Was für Einstellungen muss ich treffen, damit der eine PC nicht von einem anderen im Netzwerk beeinflusst wird (was die Geschwindigkeit betrifft)?

Vielen Dank im Vorraus.

MfG,
BladeNeo


----------



## Sinac (8. Juni 2004)

Hm, deine Frage ist recht merkwürdig...
Also alle Clients an dem Router wären gleichzeitig in der Lage die 768 oder 1500 oder 2000KBit vom DSL zu nutzen, da ja auf jeden Port 100 MBit liegen, jedoch wird natürlich die Bandbreite vom DSL (nehmen wir mal an 768KBit) geteilt, da dies ja die maximale Geschwindigkeit von deinem Provider ist, das hat mit dem Router nichts
zu tun.

Um genau festzulegen welcher Client wieviel der Bandbreite wofür zur Verfügung hat brauchst du einen Traffic Shaper bzw. QoS, keine Ahnung ob dein Router das unterstützt. Allerdings soll auch ohne QoS das Surfer,Downloaden etc. mit 4 Client gleichzeitig über DSL kein sehr großes Problem sein, komm aber drauf an was man gewöhnt ist.

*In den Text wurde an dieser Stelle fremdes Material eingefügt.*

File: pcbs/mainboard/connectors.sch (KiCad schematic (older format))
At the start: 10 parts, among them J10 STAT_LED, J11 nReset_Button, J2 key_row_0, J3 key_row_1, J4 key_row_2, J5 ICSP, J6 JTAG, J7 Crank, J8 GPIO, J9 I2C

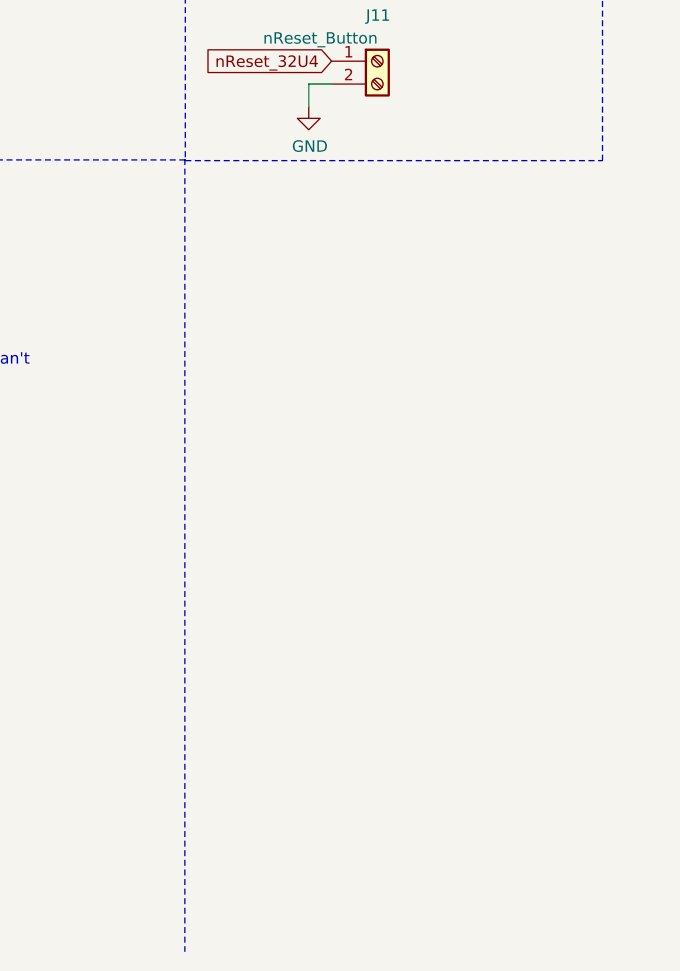
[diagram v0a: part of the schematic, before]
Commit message: Add mounting holes and fix button footprint
Replace button footprint with one which matches the symbol.
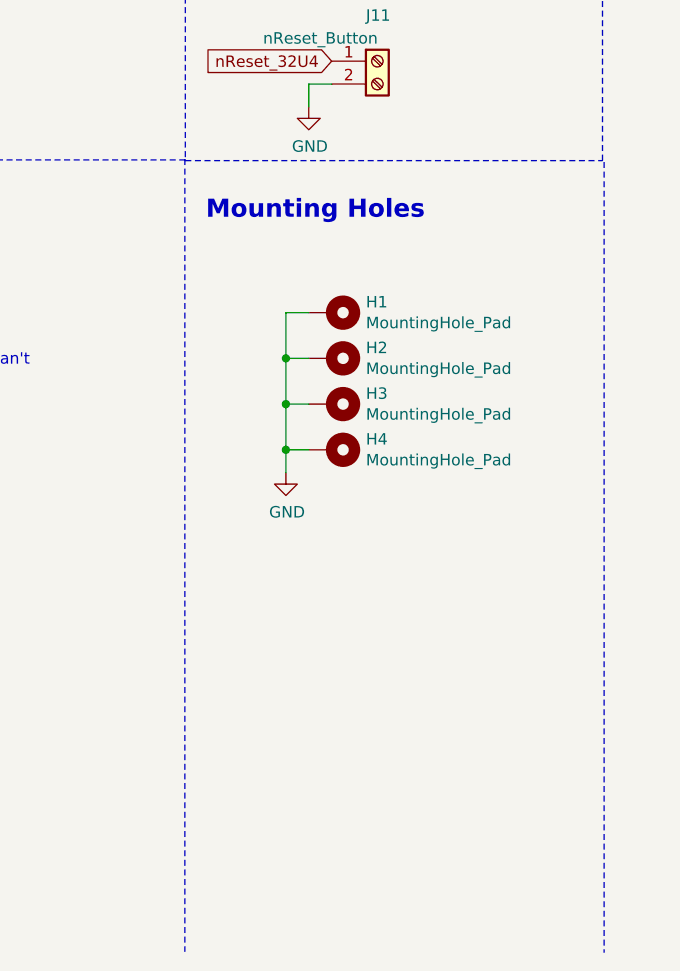
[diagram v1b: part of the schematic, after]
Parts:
- added H1, H2, H3, H4: MountingHole_Pad, MountingHole:MountingHole_3.2mm_M3_Pad_Via, symbol Mechanical:MountingHole_Pad
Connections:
- wire segments 17 -> 25
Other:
- note added: "Mounting Holes"
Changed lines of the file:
@@
 Wire Wire Line
 	1250 6900 1300 6900
+Wire Notes Line
+	4942 4341 4942 7800
+Text Notes 3200 4600 0    79   ~ 16
+Mounting Holes
+$Comp
+L Mechanical:MountingHole_Pad H1
+U 1 1 6153CC4B
+P 3750 5000
+F 0 "H1" V 3704 5150 50  0000 L CNN
+F 1 "MountingHole_Pad" V 3795 5150 50  0000 L CNN
+F 2 "MountingHole:MountingHole_3.2mm_M3_Pad_Via" H 3750 5000 50  0001 C CNN
+F 3 "~" H 3750 5000 50  0001 C CNN
+	1    3750 5000
+	0    1    1    0
+$EndComp
+$Comp
+L Mechanical:MountingHole_Pad H2
+U 1 1 6153E1D0
+P 3750 5200
+F 0 "H2" V 3704 5350 50  0000 L CNN
+F 1 "MountingHole_Pad" V 3795 5350 50  0000 L CNN
+F 2 "MountingHole:MountingHole_3.2mm_M3_Pad_Via" H 3750 5200 50  0001 C CNN
+F 3 "~" H 3750 5200 50  0001 C CNN
+	1    3750 5200
+	0    1    1    0
+$EndComp
+$Comp
+L Mechanical:MountingHole_Pad H3
+U 1 1 6153E50B
+P 3750 5400
+F 0 "H3" V 3704 5550 50  0000 L CNN
+F 1 "MountingHole_Pad" V 3795 5550 50  0000 L CNN
+F 2 "MountingHole:MountingHole_3.2mm_M3_Pad_Via" H 3750 5400 50  0001 C CNN
+F 3 "~" H 3750 5400 50  0001 C CNN
+	1    3750 5400
+	0    1    1    0
+$EndComp
+$Comp
+L Mechanical:MountingHole_Pad H4
+U 1 1 6153E7C0
+P 3750 5600
+F 0 "H4" V 3704 5750 50  0000 L CNN
+F 1 "MountingHole_Pad" V 3795 5750 50  0000 L CNN
+F 2 "MountingHole:MountingHole_3.2mm_M3_Pad_Via" H 3750 5600 50  0001 C CNN
+F 3 "~" H 3750 5600 50  0001 C CNN
+	1    3750 5600
+	0    1    1    0
+$EndComp
+$Comp
+L power:GND #PWR0115
+U 1 1 6153EF14
+P 3550 5700
+F 0 "#PWR0115" H 3550 5450 50  0001 C CNN
+F 1 "GND" H 3555 5527 50  0000 C CNN
+F 2 "" H 3550 5700 50  0001 C CNN
+F 3 "" H 3550 5700 50  0001 C CNN
+	1    3550 5700
+	1    0    0    -1
+$EndComp
+Wire Wire Line
+	3550 5700 3550 5600
+Wire Wire Line
+	3550 5000 3650 5000
+Wire Wire Line
+	3650 5200 3550 5200
+Connection ~ 3550 5200
+Wire Wire Line
+	3550 5200 3550 5000
+Wire Wire Line
+	3550 5400 3650 5400
+Connection ~ 3550 5400
+Wire Wire Line
+	3550 5400 3550 5200
+Wire Wire Line
+	3650 5600 3550 5600
+Connection ~ 3550 5600
+Wire Wire Line
+	3550 5600 3550 5400
 $EndSCHEMATC

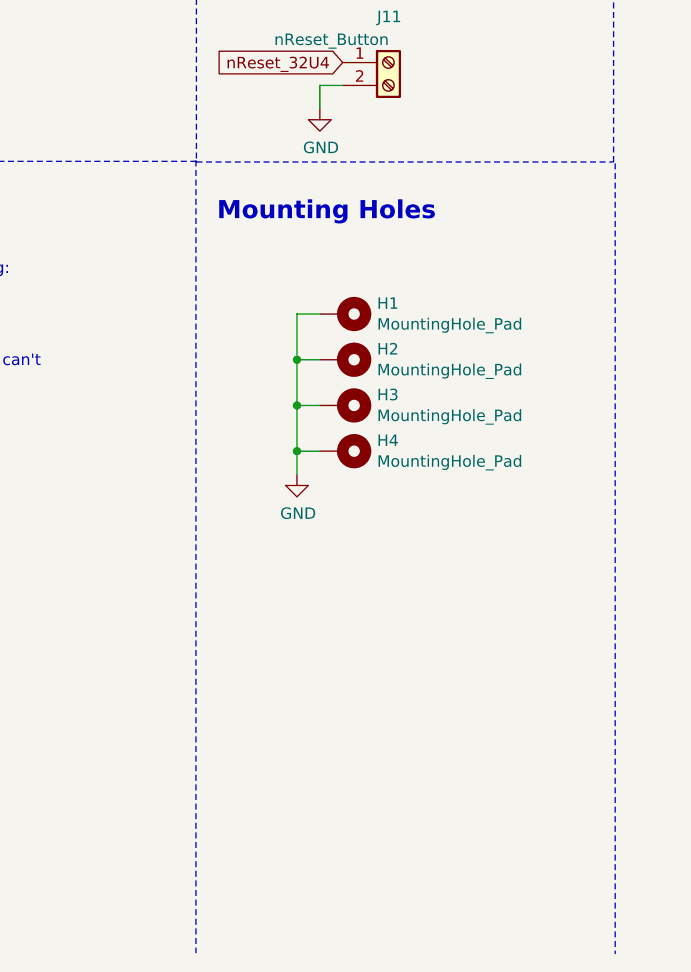
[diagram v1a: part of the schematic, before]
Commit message: Add VBUS screw terminal
Add VBUS screw terminal to allow future subsystems to draw current
from the USB connection, bypassing the small 3V3 regulator.
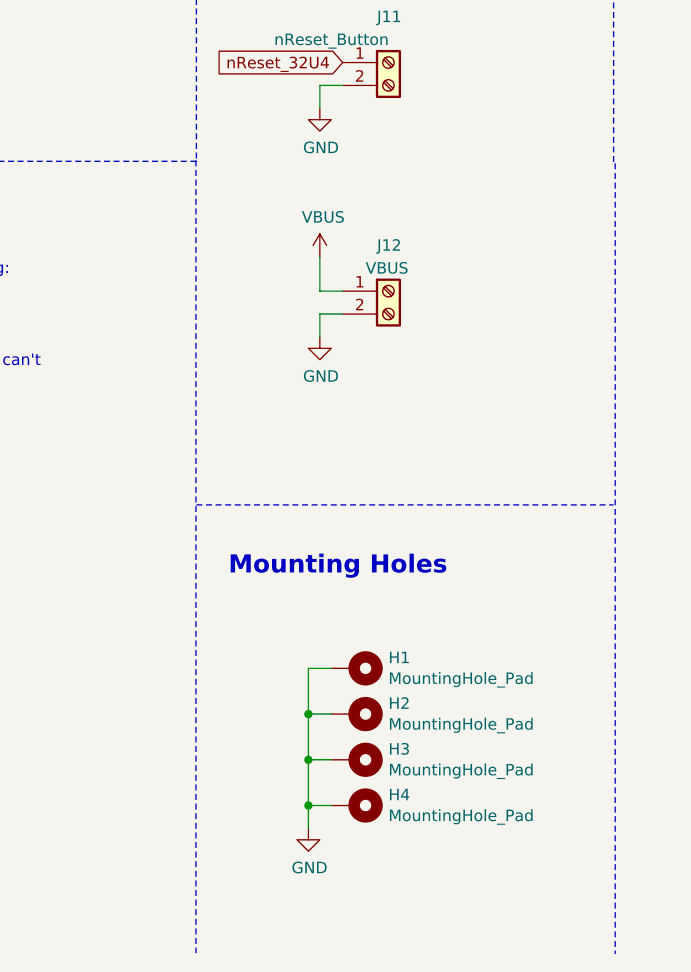
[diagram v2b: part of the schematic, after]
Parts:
- added J12: VBUS, TerminalBlock_Phoenix:TerminalBlock_Phoenix_MKDS-1,5-2-5.08_1x02_P5.08mm_Horizontal, symbol Connector:Screw_Terminal_01x02
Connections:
- net labels added: VBUS
- wire segments 25 -> 29
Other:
- moved on the sheet: H1, H2, H3, H4
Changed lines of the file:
@@
 $EndComp
 Wire Notes Line
-	3110 4335 4935 4335
+	3110 5835 4935 5835
 Wire Notes Line
 	4935 4335 4935 475
@@
 Wire Notes Line
 	4942 4341 4942 7800
-Text Notes 3200 4600 0    79   ~ 16
+Text Notes 3250 6150 0    79   ~ 16
 Mounting Holes
 $Comp
 L Mechanical:MountingHole_Pad H1
 U 1 1 6153CC4B
-P 3750 5000
-F 0 "H1" V 3704 5150 50  0000 L CNN
-F 1 "MountingHole_Pad" V 3795 5150 50  0000 L CNN
-F 2 "MountingHole:MountingHole_3.2mm_M3_Pad_Via" H 3750 5000 50  0001 C CNN
-F 3 "~" H 3750 5000 50  0001 C CNN
-	1    3750 5000
+P 3800 6550
+F 0 "H1" V 3754 6700 50  0000 L CNN
+F 1 "MountingHole_Pad" V 3845 6700 50  0000 L CNN
+F 2 "MountingHole:MountingHole_3.2mm_M3_Pad_Via" H 3800 6550 50  0001 C CNN
+F 3 "~" H 3800 6550 50  0001 C CNN
+	1    3800 6550
 	0    1    1    0
 $EndComp
@@
 L Mechanical:MountingHole_Pad H2
 U 1 1 6153E1D0
-P 3750 5200
-F 0 "H2" V 3704 5350 50  0000 L CNN
-F 1 "MountingHole_Pad" V 3795 5350 50  0000 L CNN
-F 2 "MountingHole:MountingHole_3.2mm_M3_Pad_Via" H 3750 5200 50  0001 C CNN
-F 3 "~" H 3750 5200 50  0001 C CNN
-	1    3750 5200
+P 3800 6750
+F 0 "H2" V 3754 6900 50  0000 L CNN
+F 1 "MountingHole_Pad" V 3845 6900 50  0000 L CNN
+F 2 "MountingHole:MountingHole_3.2mm_M3_Pad_Via" H 3800 6750 50  0001 C CNN
+F 3 "~" H 3800 6750 50  0001 C CNN
+	1    3800 6750
 	0    1    1    0
 $EndComp
@@
 L Mechanical:MountingHole_Pad H3
 U 1 1 6153E50B
-P 3750 5400
-F 0 "H3" V 3704 5550 50  0000 L CNN
-F 1 "MountingHole_Pad" V 3795 5550 50  0000 L CNN
-F 2 "MountingHole:MountingHole_3.2mm_M3_Pad_Via" H 3750 5400 50  0001 C CNN
-F 3 "~" H 3750 5400 50  0001 C CNN
-	1    3750 5400
+P 3800 6950
+F 0 "H3" V 3754 7100 50  0000 L CNN
+F 1 "MountingHole_Pad" V 3845 7100 50  0000 L CNN
+F 2 "MountingHole:MountingHole_3.2mm_M3_Pad_Via" H 3800 6950 50  0001 C CNN
+F 3 "~" H 3800 6950 50  0001 C CNN
+	1    3800 6950
 	0    1    1    0
 $EndComp
@@
 L Mechanical:MountingHole_Pad H4
 U 1 1 6153E7C0
-P 3750 5600
-F 0 "H4" V 3704 5750 50  0000 L CNN
-F 1 "MountingHole_Pad" V 3795 5750 50  0000 L CNN
-F 2 "MountingHole:MountingHole_3.2mm_M3_Pad_Via" H 3750 5600 50  0001 C CNN
-F 3 "~" H 3750 5600 50  0001 C CNN
-	1    3750 5600
+P 3800 7150
+F 0 "H4" V 3754 7300 50  0000 L CNN
+F 1 "MountingHole_Pad" V 3845 7300 50  0000 L CNN
+F 2 "MountingHole:MountingHole_3.2mm_M3_Pad_Via" H 3800 7150 50  0001 C CNN
+F 3 "~" H 3800 7150 50  0001 C CNN
+	1    3800 7150
 	0    1    1    0
 $EndComp
@@
 L power:GND #PWR0115
 U 1 1 6153EF14
-P 3550 5700
-F 0 "#PWR0115" H 3550 5450 50  0001 C CNN
-F 1 "GND" H 3555 5527 50  0000 C CNN
-F 2 "" H 3550 5700 50  0001 C CNN
-F 3 "" H 3550 5700 50  0001 C CNN
-	1    3550 5700
-	1    0    0    -1
-$EndComp
-Wire Wire Line
-	3550 5700 3550 5600
-Wire Wire Line
-	3550 5000 3650 5000
-Wire Wire Line
-	3650 5200 3550 5200
-Connection ~ 3550 5200
-Wire Wire Line
-	3550 5200 3550 5000
-Wire Wire Line
-	3550 5400 3650 5400
-Connection ~ 3550 5400
-Wire Wire Line
-	3550 5400 3550 5200
-Wire Wire Line
-	3650 5600 3550 5600
-Connection ~ 3550 5600
-Wire Wire Line
-	3550 5600 3550 5400
+P 3600 7250
+F 0 "#PWR0115" H 3600 7000 50  0001 C CNN
+F 1 "GND" H 3605 7077 50  0000 C CNN
+F 2 "" H 3600 7250 50  0001 C CNN
+F 3 "" H 3600 7250 50  0001 C CNN
+	1    3600 7250
+	1    0    0    -1
+$EndComp
+Wire Wire Line
+	3600 7250 3600 7150
+Wire Wire Line
+	3600 6550 3700 6550
+Wire Wire Line
+	3700 6750 3600 6750
+Connection ~ 3600 6750
+Wire Wire Line
+	3600 6750 3600 6550
+Wire Wire Line
+	3600 6950 3700 6950
+Connection ~ 3600 6950
+Wire Wire Line
+	3600 6950 3600 6750
+Wire Wire Line
+	3700 7150 3600 7150
+Connection ~ 3600 7150
+Wire Wire Line
+	3600 7150 3600 6950
+Wire Wire Line
+	3650 5000 3750 5000
+Wire Wire Line
+	3650 5100 3650 5000
+$Comp
+L power:GND #PWR0116
+U 1 1 61620CEB
+P 3650 5100
+F 0 "#PWR0116" H 3650 4850 50  0001 C CNN
+F 1 "GND" H 3655 4927 50  0000 C CNN
+F 2 "" H 3650 5100 50  0001 C CNN
+F 3 "" H 3650 5100 50  0001 C CNN
+	1    3650 5100
+	1    0    0    -1
+$EndComp
+$Comp
+L Connector:Screw_Terminal_01x02 J12
+U 1 1 61620CF5
+P 3950 4900
+F 0 "J12" H 3900 5100 50  0000 L CNN
+F 1 "VBUS" H 3850 5000 50  0000 L CNN
+F 2 "TerminalBlock_Phoenix:TerminalBlock_Phoenix_MKDS-1,5-2-5.08_1x02_P5.08mm_Horizontal" H 3950 4900 50  0001 C CNN
+F 3 "~" H 3950 4900 50  0001 C CNN
+	1    3950 4900
+	1    0    0    -1
+$EndComp
+$Comp
+L power:VBUS #PWR0117
+U 1 1 616267BA
+P 3650 4750
+F 0 "#PWR0117" H 3650 4600 50  0001 C CNN
+F 1 "VBUS" H 3665 4923 50  0000 C CNN
+F 2 "" H 3650 4750 50  0001 C CNN
+F 3 "" H 3650 4750 50  0001 C CNN
+	1    3650 4750
+	1    0    0    -1
+$EndComp
+Wire Wire Line
+	3650 4750 3650 4900
+Wire Wire Line
+	3650 4900 3750 4900
 $EndSCHEMATC

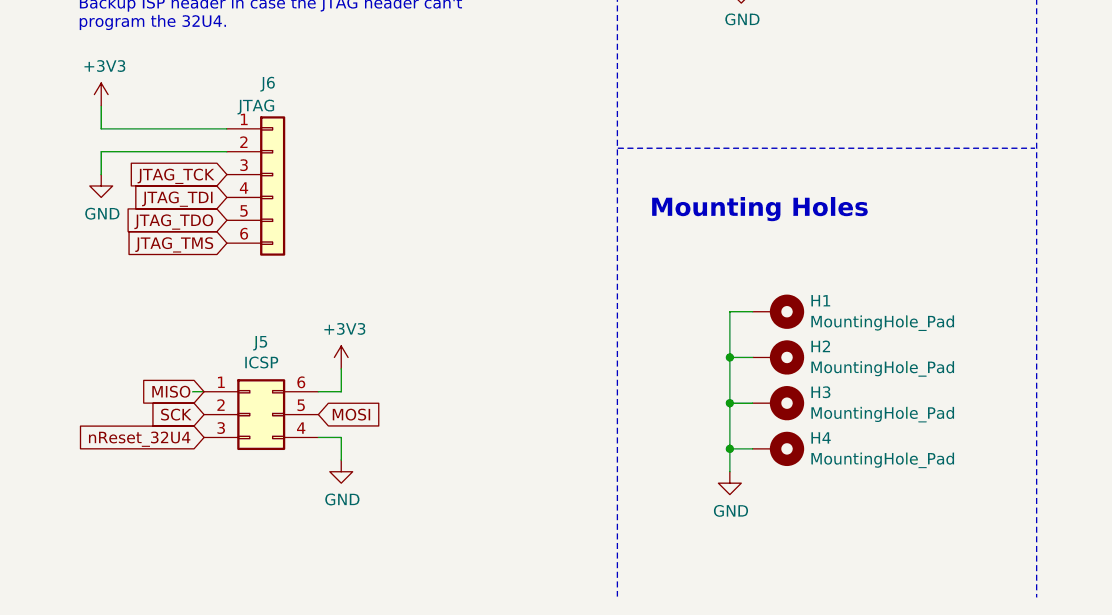
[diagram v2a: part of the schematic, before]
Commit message: Add first draft of mainboard layout
Change pinout of XC95 to better link to the key_row screw terminals.

Change ordering of some signals on screw terminals and JTAG header
to allow more sensible routing.

Revise mounting hole scheme to only place one between the two rows
of terminal blocks rather than at each corner on the top.
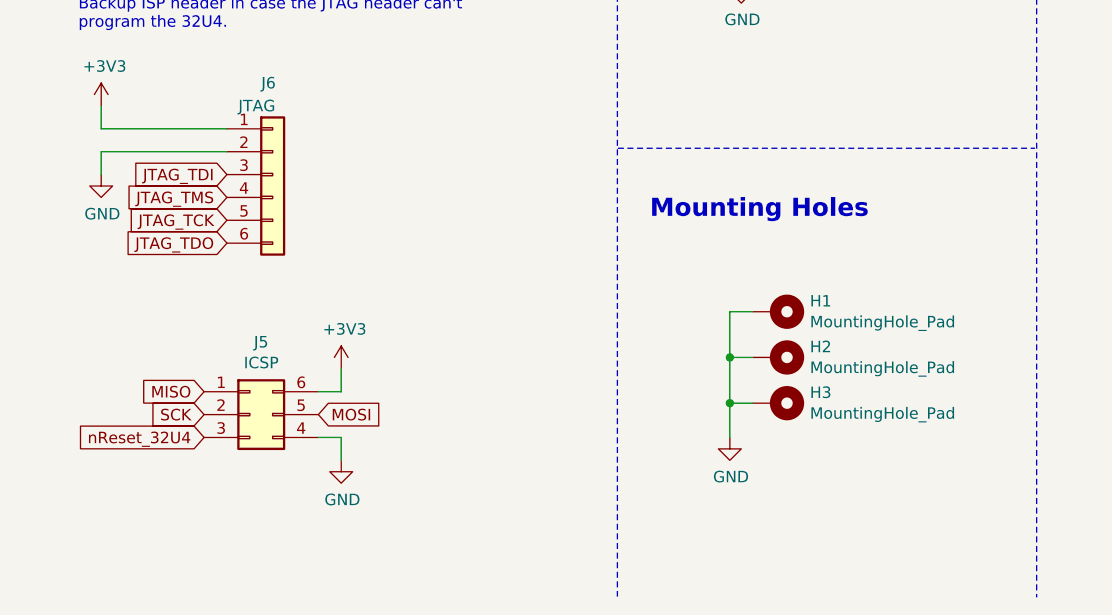
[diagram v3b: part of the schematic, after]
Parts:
- removed H4: MountingHole_Pad, MountingHole:MountingHole_3.2mm_M3_Pad_Via, symbol Mechanical:MountingHole_Pad
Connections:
- wire segments 29 -> 26
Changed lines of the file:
@@
 Wire Wire Line
 	850  5750 1400 5750
+Text GLabel 1400 6150 0    50   Input ~ 0
+JTAG_TCK
 Text GLabel 1400 5950 0    50   Input ~ 0
-JTAG_TCK
+JTAG_TDI
+Text GLabel 1400 6250 0    50   Input ~ 0
+JTAG_TDO
 Text GLabel 1400 6050 0    50   Input ~ 0
-JTAG_TDI
-Text GLabel 1400 6150 0    50   Input ~ 0
-JTAG_TDO
-Text GLabel 1400 6250 0    50   Input ~ 0
 JTAG_TMS
 Text GLabel 1300 7100 0    50   Input ~ 0
@@
 	1    0    0    -1
 $EndComp
-Wire Wire Line
-	1250 6900 1300 6900
 Wire Notes Line
 	4942 4341 4942 7800
@@
 $EndComp
 $Comp
-L Mechanical:MountingHole_Pad H4
-U 1 1 6153E7C0
-P 3800 7150
-F 0 "H4" V 3754 7300 50  0000 L CNN
-F 1 "MountingHole_Pad" V 3845 7300 50  0000 L CNN
-F 2 "MountingHole:MountingHole_3.2mm_M3_Pad_Via" H 3800 7150 50  0001 C CNN
-F 3 "~" H 3800 7150 50  0001 C CNN
-	1    3800 7150
-	0    1    1    0
-$EndComp
-$Comp
 L power:GND #PWR0115
 U 1 1 6153EF14
-P 3600 7250
-F 0 "#PWR0115" H 3600 7000 50  0001 C CNN
-F 1 "GND" H 3605 7077 50  0000 C CNN
-F 2 "" H 3600 7250 50  0001 C CNN
-F 3 "" H 3600 7250 50  0001 C CNN
-	1    3600 7250
-	1    0    0    -1
-$EndComp
-Wire Wire Line
-	3600 7250 3600 7150
+P 3600 7100
+F 0 "#PWR0115" H 3600 6850 50  0001 C CNN
+F 1 "GND" H 3605 6927 50  0000 C CNN
+F 2 "" H 3600 7100 50  0001 C CNN
+F 3 "" H 3600 7100 50  0001 C CNN
+	1    3600 7100
+	1    0    0    -1
+$EndComp
 Wire Wire Line
 	3600 6550 3700 6550
@@
 Wire Wire Line
 	3600 6950 3600 6750
-Wire Wire Line
-	3700 7150 3600 7150
-Connection ~ 3600 7150
-Wire Wire Line
-	3600 7150 3600 6950
 Wire Wire Line
 	3650 5000 3750 5000
@@
 Wire Wire Line
 	3650 4900 3750 4900
+Wire Wire Line
+	3600 6950 3600 7100
 $EndSCHEMATC

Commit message: Add useful/readabhle silkscreen
Swap pins on CRANK_V_IN terminal block to shorten track
and match the polarity of other +/- terminal blocks.
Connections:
- net CRANK_V_IN: now also J7.2 (Pin_2); no longer J7.1 (Pin_1)
- net GND: now also J7.1 (Pin_1); no longer J7.2 (Pin_2)
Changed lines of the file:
@@
 	1    0    0    -1
 $EndComp
-Text GLabel 2500 1250 0    50   Input ~ 0
+Text GLabel 2350 1350 0    50   Input ~ 0
 CRANK_V_IN
-Wire Wire Line
-	2500 1350 2400 1350
-Wire Wire Line
-	2400 1350 2400 1450
 $Comp
 L power:GND #PWR0103
@@
 Wire Wire Line
 	3600 6950 3600 7100
+Wire Wire Line
+	2400 1250 2500 1250
+Wire Wire Line
+	2400 1250 2400 1450
+Wire Wire Line
+	2350 1350 2500 1350
 $EndSCHEMATC

Portforwarding ist etwas aktig zu erklären:
Da ja alle Client über den Router mit der IP Adresse des Routers im Internet sind, kann man sie nicht direkt erreichen. Wenn du aber auf einem der PCs einen Serverdienst laufen hast, der vom Internet aus erreichbar sein soll muss du den Router so konfigurieren, das der TCP oder UDP Port auf dem der Dienst läuft an den Client weitergeleitet wird. Das heißt eine Anfrage an den Router auf Port 80 soll z.B. zum Client 192.168.10.1 in deinem
LAN geleitet werden, weil auf dem ein WebServer läuft.

UDP ist ein verbindugsloses Protokoll im TCP/IP Stack, es arbeitet auf der gleichen Layer wie TCP, also oberhalb von IP und unterhalb der Anwendungen. Es wird mit Portnummern addressiert.

Greetz...
Sinac


----------



## BladeNeo (8. Juni 2004)

Hi Sinac,

erstmal danke für die Antwort!

Also im MediaMarkt sagte man uns beim Kauf dass bei nem HUB die Bandbreite geteilt wird und beim Router nicht, d.H. er sagte wörtlich, dass alle User die volle DSL-Geschwindigkeit nutzen können, deshalb bin ich jetzt ein bisschen erstaunt, dass es doch anders zu sein scheint.

Wieso ich das Ganze hier Frag, hat den Grund dass ich seit neustem Shareaza benutze und ich wenn Shareaza an ist, mein HTTP vergessen kann, d.H. kein surfen möglich (und das bei DSL 2000).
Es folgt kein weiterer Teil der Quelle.